Work order
Span requested from the data below: the line with "- Connection parameters" through the line with "J2: Conn_01x04; 1x04", both included. Give only these lines again, exactly, and leave every picture out.

Provided records
┏━━

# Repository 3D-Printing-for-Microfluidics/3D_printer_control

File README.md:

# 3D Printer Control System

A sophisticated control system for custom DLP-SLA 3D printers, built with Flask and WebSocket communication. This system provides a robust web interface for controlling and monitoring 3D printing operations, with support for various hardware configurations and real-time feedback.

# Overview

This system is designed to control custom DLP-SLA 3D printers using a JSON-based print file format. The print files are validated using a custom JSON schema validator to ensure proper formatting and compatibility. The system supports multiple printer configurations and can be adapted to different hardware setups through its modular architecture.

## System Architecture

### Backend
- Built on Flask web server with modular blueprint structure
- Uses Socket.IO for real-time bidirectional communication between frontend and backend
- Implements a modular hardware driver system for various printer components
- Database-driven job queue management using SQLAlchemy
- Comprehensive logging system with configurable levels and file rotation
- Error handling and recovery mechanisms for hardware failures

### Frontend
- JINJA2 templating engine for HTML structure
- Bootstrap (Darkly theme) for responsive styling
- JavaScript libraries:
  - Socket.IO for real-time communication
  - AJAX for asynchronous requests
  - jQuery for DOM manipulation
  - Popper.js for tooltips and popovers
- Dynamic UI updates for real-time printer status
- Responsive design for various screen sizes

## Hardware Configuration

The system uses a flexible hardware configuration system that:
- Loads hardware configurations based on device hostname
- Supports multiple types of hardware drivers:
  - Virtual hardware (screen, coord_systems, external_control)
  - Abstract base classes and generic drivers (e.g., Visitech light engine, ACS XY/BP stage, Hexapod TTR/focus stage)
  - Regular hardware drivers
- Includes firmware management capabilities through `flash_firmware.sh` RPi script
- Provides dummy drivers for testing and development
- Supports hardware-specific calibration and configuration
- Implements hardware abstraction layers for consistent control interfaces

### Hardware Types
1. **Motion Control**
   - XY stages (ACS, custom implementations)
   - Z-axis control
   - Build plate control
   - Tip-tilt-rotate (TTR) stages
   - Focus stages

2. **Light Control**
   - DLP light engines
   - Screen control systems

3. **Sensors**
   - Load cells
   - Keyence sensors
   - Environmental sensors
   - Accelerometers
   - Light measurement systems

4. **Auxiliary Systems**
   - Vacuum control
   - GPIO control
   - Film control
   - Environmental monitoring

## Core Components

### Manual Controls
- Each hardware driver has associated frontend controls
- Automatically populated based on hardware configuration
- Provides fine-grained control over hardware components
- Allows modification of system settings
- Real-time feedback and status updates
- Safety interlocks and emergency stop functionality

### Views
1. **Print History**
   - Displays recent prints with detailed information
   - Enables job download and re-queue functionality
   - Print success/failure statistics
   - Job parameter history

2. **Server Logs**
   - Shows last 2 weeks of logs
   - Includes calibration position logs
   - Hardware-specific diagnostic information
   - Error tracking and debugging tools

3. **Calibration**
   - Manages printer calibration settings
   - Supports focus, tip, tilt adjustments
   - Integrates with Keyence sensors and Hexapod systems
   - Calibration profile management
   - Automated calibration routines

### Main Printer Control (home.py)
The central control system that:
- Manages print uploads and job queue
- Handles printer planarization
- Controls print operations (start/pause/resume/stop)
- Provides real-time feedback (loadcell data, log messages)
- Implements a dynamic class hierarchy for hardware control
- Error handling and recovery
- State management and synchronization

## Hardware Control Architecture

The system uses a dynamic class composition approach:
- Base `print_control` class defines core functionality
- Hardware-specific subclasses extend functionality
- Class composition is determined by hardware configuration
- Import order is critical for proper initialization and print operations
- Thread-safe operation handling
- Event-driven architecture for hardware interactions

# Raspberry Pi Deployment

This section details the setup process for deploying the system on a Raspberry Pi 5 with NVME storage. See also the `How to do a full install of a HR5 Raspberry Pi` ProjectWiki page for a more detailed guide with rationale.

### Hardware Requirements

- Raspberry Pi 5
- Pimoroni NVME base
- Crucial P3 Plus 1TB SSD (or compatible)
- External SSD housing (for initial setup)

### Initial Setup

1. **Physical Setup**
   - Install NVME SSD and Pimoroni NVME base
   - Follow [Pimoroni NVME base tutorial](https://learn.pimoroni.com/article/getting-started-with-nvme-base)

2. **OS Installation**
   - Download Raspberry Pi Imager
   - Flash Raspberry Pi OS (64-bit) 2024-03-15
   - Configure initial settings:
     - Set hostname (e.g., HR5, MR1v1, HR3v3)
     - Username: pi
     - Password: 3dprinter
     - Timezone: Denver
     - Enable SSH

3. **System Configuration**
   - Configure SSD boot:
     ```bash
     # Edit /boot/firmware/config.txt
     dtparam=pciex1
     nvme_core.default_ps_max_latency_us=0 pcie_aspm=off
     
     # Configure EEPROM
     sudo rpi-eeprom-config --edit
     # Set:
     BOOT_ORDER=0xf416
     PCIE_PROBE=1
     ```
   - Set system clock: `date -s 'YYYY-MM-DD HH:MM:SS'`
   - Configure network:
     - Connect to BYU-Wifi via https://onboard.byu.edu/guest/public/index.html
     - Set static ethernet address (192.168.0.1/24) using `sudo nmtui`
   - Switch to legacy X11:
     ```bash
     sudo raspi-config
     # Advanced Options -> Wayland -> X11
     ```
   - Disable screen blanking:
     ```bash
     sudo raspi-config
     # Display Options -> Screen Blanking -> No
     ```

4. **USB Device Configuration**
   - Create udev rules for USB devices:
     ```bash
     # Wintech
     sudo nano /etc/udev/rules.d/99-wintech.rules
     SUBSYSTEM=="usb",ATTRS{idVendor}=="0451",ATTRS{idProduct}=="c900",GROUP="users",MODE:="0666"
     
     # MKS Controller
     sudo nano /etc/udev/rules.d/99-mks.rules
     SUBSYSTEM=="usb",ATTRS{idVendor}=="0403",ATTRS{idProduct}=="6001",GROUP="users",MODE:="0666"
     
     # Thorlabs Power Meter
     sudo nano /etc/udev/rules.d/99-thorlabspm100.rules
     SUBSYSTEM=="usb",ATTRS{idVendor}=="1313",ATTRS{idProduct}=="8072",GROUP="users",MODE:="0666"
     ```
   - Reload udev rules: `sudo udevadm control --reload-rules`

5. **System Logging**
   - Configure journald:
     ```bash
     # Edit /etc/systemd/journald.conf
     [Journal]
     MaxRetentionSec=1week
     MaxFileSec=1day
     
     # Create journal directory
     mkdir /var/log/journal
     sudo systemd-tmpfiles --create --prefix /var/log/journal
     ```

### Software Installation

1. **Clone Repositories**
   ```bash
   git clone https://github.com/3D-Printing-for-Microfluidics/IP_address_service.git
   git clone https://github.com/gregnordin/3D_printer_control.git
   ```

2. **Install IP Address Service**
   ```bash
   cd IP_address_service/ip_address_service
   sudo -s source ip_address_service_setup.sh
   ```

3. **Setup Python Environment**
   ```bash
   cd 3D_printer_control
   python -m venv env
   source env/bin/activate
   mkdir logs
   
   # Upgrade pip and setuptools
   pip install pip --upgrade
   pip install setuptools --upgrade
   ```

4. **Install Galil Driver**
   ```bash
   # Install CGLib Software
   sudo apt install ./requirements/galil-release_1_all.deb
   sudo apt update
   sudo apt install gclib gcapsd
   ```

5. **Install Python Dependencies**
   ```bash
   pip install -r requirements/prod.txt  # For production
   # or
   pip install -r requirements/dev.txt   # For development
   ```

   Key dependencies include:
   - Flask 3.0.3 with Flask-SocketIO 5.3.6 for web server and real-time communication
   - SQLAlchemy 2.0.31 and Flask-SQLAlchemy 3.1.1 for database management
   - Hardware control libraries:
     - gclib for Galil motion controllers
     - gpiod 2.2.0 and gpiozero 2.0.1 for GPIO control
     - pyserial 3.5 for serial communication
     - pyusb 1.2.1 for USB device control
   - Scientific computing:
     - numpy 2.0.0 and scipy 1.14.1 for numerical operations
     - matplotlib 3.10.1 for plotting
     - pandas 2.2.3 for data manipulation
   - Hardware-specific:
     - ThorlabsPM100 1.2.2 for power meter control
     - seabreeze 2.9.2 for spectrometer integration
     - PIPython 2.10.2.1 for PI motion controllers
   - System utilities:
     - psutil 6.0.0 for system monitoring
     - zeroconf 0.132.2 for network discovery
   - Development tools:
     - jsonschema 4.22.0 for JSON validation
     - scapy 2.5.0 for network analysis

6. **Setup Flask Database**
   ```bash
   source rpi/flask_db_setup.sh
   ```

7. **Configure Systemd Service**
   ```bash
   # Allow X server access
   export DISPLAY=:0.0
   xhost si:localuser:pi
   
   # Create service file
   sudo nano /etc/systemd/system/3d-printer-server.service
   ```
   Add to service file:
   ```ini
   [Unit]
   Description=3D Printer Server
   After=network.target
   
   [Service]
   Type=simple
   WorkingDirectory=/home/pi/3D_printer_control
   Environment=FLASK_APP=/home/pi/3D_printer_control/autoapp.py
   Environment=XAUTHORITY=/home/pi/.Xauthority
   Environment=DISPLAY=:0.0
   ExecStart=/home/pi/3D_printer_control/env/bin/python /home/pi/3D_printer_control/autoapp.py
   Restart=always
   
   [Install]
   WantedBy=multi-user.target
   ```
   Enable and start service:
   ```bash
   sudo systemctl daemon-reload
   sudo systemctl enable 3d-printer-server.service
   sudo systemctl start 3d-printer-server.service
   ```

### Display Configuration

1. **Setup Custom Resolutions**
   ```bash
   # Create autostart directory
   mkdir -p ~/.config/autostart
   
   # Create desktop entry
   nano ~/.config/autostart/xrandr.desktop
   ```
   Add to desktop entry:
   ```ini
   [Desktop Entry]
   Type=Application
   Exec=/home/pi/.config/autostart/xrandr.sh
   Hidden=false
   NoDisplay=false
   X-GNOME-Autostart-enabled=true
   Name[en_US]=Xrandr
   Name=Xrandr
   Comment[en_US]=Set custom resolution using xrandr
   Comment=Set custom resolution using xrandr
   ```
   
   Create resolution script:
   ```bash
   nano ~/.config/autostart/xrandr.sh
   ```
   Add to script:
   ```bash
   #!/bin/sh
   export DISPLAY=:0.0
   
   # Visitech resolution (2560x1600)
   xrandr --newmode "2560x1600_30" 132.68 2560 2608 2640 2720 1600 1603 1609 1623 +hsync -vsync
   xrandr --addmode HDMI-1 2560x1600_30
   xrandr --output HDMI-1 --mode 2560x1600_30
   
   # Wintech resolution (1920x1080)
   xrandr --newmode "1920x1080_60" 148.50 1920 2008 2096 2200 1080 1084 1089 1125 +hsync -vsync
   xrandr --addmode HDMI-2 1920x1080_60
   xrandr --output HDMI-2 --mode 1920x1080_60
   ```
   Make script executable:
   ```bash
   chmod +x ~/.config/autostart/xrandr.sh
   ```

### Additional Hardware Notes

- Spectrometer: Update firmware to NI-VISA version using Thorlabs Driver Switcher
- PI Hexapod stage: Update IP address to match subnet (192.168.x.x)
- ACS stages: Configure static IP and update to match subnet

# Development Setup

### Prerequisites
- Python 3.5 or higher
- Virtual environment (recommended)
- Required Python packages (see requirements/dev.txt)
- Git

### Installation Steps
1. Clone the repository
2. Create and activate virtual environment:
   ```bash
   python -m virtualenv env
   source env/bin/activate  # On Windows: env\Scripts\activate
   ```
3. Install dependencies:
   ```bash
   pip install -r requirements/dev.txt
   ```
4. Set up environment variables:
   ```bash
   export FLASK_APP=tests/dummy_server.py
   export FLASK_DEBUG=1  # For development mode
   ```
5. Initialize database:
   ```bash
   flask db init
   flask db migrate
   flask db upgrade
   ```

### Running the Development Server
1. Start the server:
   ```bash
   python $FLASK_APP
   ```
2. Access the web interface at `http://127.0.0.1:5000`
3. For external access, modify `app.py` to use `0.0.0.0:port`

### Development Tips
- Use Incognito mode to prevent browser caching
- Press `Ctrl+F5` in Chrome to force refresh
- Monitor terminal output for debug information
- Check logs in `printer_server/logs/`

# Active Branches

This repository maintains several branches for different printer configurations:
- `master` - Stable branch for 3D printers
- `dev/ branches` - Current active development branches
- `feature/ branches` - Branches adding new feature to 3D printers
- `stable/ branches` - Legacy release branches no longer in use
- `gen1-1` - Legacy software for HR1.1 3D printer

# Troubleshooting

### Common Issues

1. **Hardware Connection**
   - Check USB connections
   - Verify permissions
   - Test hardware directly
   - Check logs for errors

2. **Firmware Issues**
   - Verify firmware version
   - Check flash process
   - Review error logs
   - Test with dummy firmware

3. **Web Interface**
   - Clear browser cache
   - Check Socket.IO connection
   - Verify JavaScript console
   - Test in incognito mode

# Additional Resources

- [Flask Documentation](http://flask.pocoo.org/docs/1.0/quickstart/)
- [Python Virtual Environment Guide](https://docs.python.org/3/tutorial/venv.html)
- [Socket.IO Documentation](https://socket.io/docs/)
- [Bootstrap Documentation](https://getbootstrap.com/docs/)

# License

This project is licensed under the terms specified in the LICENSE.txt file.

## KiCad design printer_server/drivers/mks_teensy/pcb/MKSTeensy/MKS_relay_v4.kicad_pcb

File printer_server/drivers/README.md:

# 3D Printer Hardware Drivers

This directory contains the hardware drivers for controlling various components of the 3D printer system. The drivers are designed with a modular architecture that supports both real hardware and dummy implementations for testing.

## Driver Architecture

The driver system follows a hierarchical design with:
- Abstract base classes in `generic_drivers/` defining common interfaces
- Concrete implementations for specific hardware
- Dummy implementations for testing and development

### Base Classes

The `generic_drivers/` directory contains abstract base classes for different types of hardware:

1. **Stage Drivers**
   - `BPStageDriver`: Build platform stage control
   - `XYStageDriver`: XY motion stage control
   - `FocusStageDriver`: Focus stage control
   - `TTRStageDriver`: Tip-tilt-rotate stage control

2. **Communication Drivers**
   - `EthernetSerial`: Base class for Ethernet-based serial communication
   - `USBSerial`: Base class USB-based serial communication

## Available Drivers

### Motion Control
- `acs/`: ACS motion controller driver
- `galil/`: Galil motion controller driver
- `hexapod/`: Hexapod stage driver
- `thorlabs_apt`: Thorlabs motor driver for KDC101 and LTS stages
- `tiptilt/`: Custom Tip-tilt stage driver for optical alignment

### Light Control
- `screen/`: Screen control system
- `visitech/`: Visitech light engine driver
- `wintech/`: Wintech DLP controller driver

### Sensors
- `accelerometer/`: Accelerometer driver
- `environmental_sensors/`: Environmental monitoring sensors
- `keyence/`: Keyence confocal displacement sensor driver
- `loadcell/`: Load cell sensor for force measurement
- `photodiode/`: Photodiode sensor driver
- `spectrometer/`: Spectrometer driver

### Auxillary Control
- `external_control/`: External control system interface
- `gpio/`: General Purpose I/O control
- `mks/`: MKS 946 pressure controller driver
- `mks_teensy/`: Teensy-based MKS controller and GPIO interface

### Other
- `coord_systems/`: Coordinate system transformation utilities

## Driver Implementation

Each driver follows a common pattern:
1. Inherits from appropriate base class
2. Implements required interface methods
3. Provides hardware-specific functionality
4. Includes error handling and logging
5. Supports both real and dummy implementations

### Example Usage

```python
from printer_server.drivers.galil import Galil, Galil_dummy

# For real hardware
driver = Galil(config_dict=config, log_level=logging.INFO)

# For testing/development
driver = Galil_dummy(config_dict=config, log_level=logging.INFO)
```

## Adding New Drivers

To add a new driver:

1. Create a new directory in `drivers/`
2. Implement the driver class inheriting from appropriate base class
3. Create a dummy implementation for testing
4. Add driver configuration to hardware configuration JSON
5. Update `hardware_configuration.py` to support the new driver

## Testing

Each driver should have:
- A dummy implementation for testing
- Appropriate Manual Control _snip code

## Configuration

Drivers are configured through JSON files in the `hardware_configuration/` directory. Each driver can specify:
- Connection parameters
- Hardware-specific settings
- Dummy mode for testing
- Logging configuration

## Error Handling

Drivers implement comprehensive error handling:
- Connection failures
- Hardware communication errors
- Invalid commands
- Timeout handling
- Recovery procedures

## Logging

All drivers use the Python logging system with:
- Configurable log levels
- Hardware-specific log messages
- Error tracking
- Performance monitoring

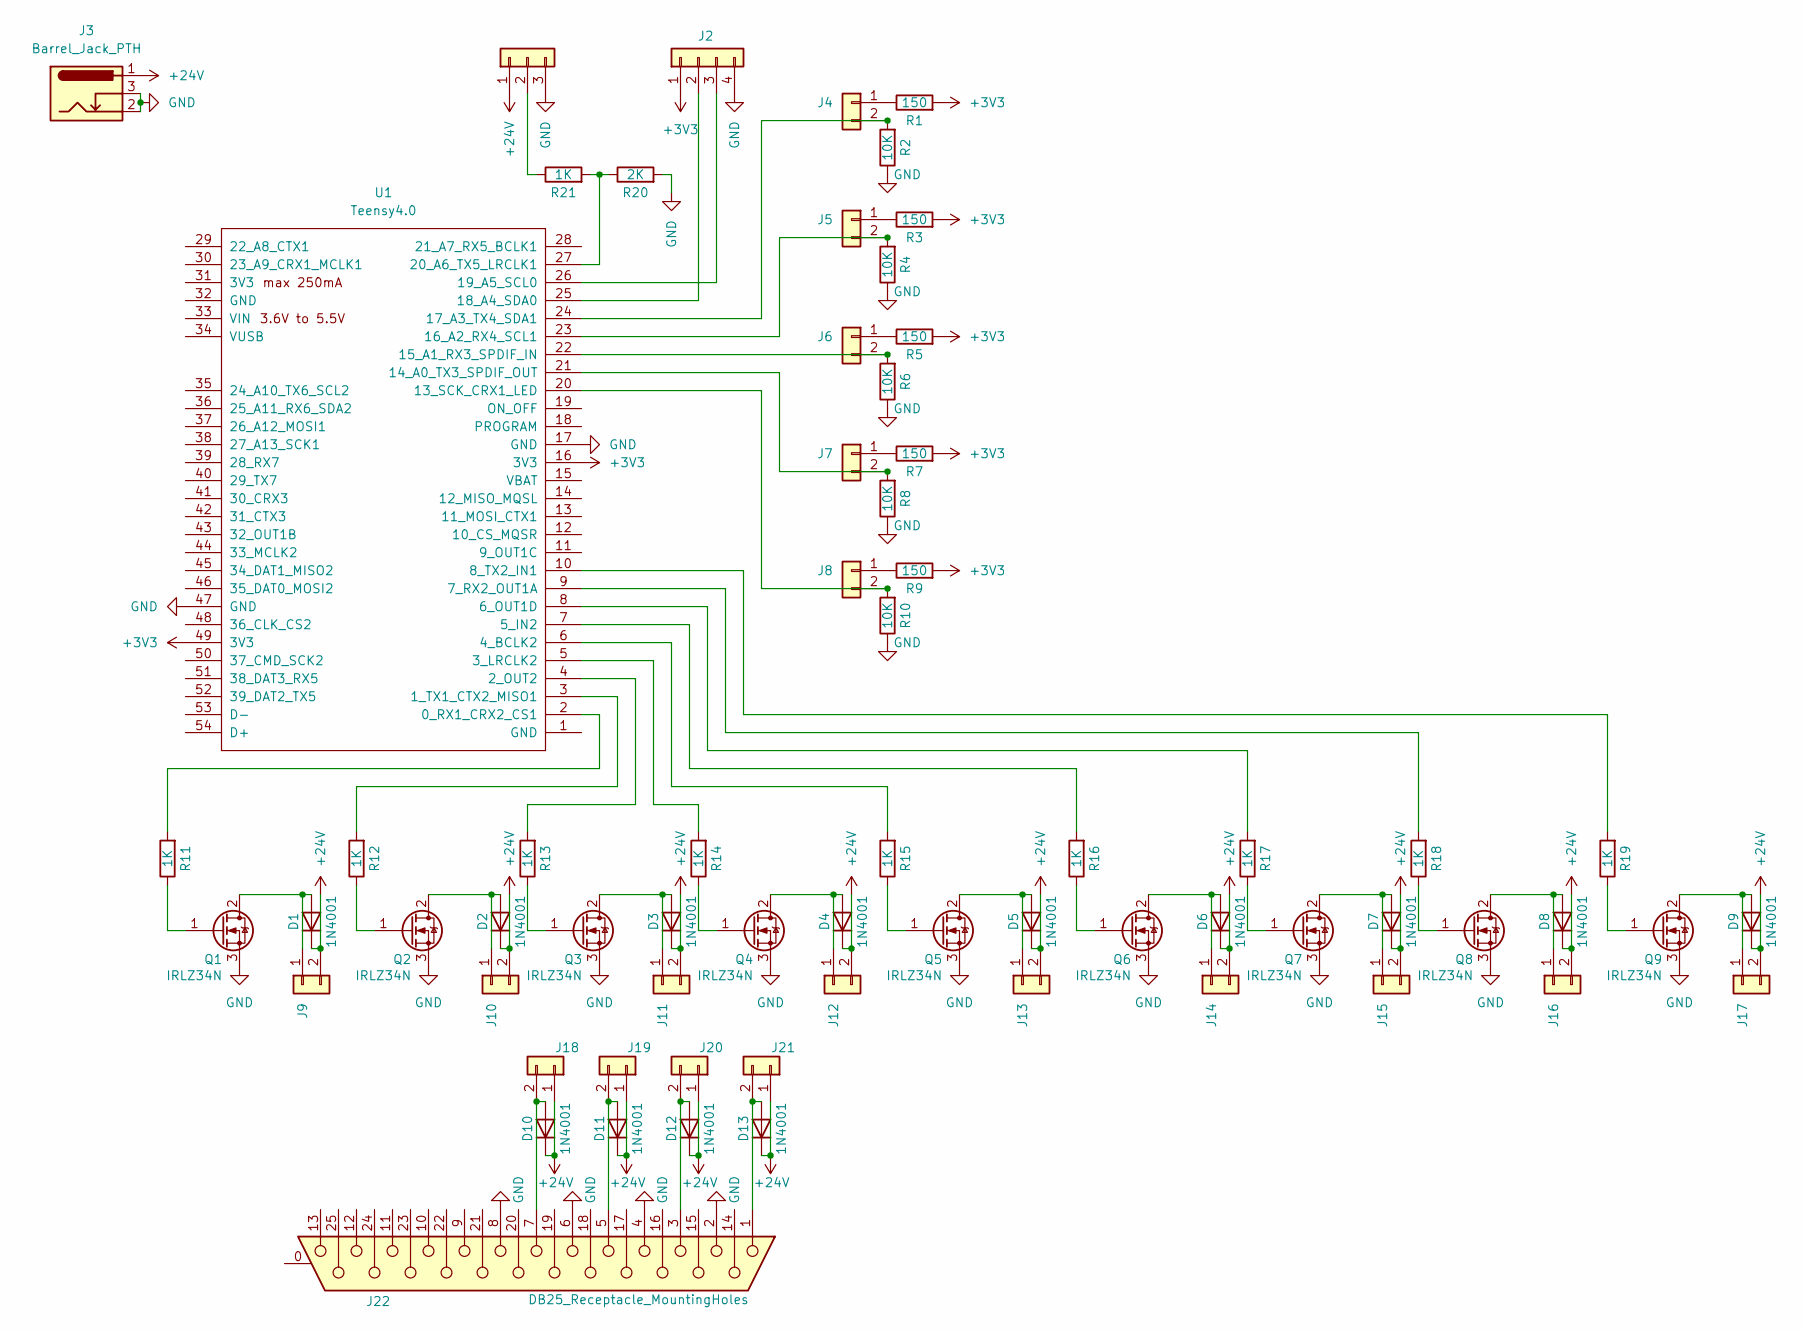
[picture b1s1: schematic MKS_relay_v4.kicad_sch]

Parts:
D1, D2, D3, D4, D5, D6, D7, D8, D9, D10, D11, D12, D13: 1N4001; R_Axial_DIN0204_L3.6mm_D1.6mm_P7.62mm_Horizontal
J1: Conn_01x03; 1x03
J2: Conn_01x04; 1x04
J3: Barrel_Jack_PTH; Power_Jack_PTH
J4, J5, J6, J7, J8, J9, J10, J11, J12, J13, J14, J15, J16, J17, J18, J19, J20, J21: Conn_01x02; 1x02
J22: DB25_Receptacle_MountingHoles; DSUB-25_Female_Horizontal_P2.77x2.84mm_EdgePinOffset4.94mm_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
Q1, Q2, Q3, Q4, Q5, Q6, Q7, Q8, Q9: IRLZ34N; TO-220-3_Vertical
R1, R3, R5, R7, R9: 150; R_Axial_DIN0204_L3.6mm_D1.6mm_P7.62mm_Horizontal
R2, R4, R6, R8, R10: 10K; R_Axial_DIN0204_L3.6mm_D1.6mm_P7.62mm_Horizontal
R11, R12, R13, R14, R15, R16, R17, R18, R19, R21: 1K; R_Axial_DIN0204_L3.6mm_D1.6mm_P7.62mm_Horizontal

┗━━

Task solution
- Connection parameters
- Hardware-specific settings
- Dummy mode for testing
- Logging configuration

## Error Handling

Drivers implement comprehensive error handling:
- Connection failures
- Hardware communication errors
- Invalid commands
- Timeout handling
- Recovery procedures

## Logging

All drivers use the Python logging system with:
- Configurable log levels
- Hardware-specific log messages
- Error tracking
- Performance monitoring

[picture b1s1: schematic MKS_relay_v4.kicad_sch]

Parts:
D1, D2, D3, D4, D5, D6, D7, D8, D9, D10, D11, D12, D13: 1N4001; R_Axial_DIN0204_L3.6mm_D1.6mm_P7.62mm_Horizontal
J1: Conn_01x03; 1x03
J2: Conn_01x04; 1x04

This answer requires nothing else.